The problem is stated as follows. Let $X$ be a differential vector field on $M$ and let $f: M \rightarrow N$ be an isometry. Show that the pushforward $Y=df(X)$ is a Killing field on $N$ if and only if $X$ is a Killing field on $M$.
The "only if" part is trivial once you've proved the "if" direction because $X$ is the pushforward of $Y=df(X)$ by $f^{-1}$.
I am stuck here. I am trying to prove this using the definition that a Killing field is a vector field whose flows are isometries. I'm using the notation that if $\varphi: (-\epsilon, \epsilon) \times M \rightarrow M$ is the flow of $X$ and $\psi: (-\epsilon, \epsilon) \times N \rightarrow N$ is the flow of $Y=df(X)$ (I know I'm making some minor simplifying assumptions here) then, for fixed $t_{0} \in (-\epsilon,\epsilon)$ and $p_{0}\in M$ the map
$\varphi_{t_0}(p): M \rightarrow M$ is a a diffemorphism and
$\varphi_{p_0}(t): (-\epsilon, \epsilon) \rightarrow M$ is the integral curve of $X$ starting from $p_{0}$.
Analogous statements hold for $\psi$.
Also assuming $X$ is a killing field $$\varphi_{t_0}(p): M \rightarrow M$$ is an isometry for each $t_{0}$.

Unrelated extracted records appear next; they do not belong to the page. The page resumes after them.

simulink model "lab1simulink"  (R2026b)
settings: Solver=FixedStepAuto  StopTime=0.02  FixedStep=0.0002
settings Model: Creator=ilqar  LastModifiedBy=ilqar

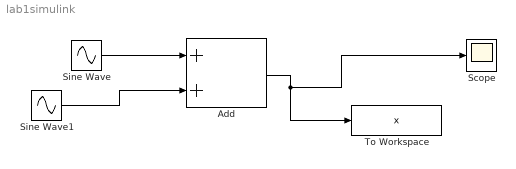
== system lab1simulink ==
  Add : Sum
  Scope : Scope
      settings: ActiveDisplayYMinimum=-2.4612215945469318  ActiveDisplayYMaximum=2.2829055631174882
  Sine Wave : Sin  Frequency=2*pi*100  Phase=0.5*pi  SampleTime=0
  Sine Wave1 : Sin  Frequency=2*pi*200  Phase=0.5*pi  SampleTime=0
  To Workspace : ToWorkspace  VariableName=x  SampleTime=-1
  wires:
  Sine Wave/1 -> Add/1
  Sine Wave1/1 -> Add/2
  Add/1 -> To Workspace/1, Scope/1

I am trying to use the fact that if $\gamma: (-\epsilon, \epsilon)\rightarrow M$ is the integral curve of $X$ starting at $\p$, then $f \circ \gamma$ is the integral curve of $Y=df(X)$ starting from $f(p)$ and the fact that the flows of $X$ are isometries but I can't seem to write it down properly.
For example, for fixed $q_0 \in N$, and writing $\hat{q}_0=f^{-1}(q)$ we have
$\psi_{q_0}(t)=f(\varphi_{\hat{q}_0}(t))$
but I can't translate this into getting that $\psi_{t_{0}}(q):N \rightarrow N$ is an isometry for each $t_{0}$.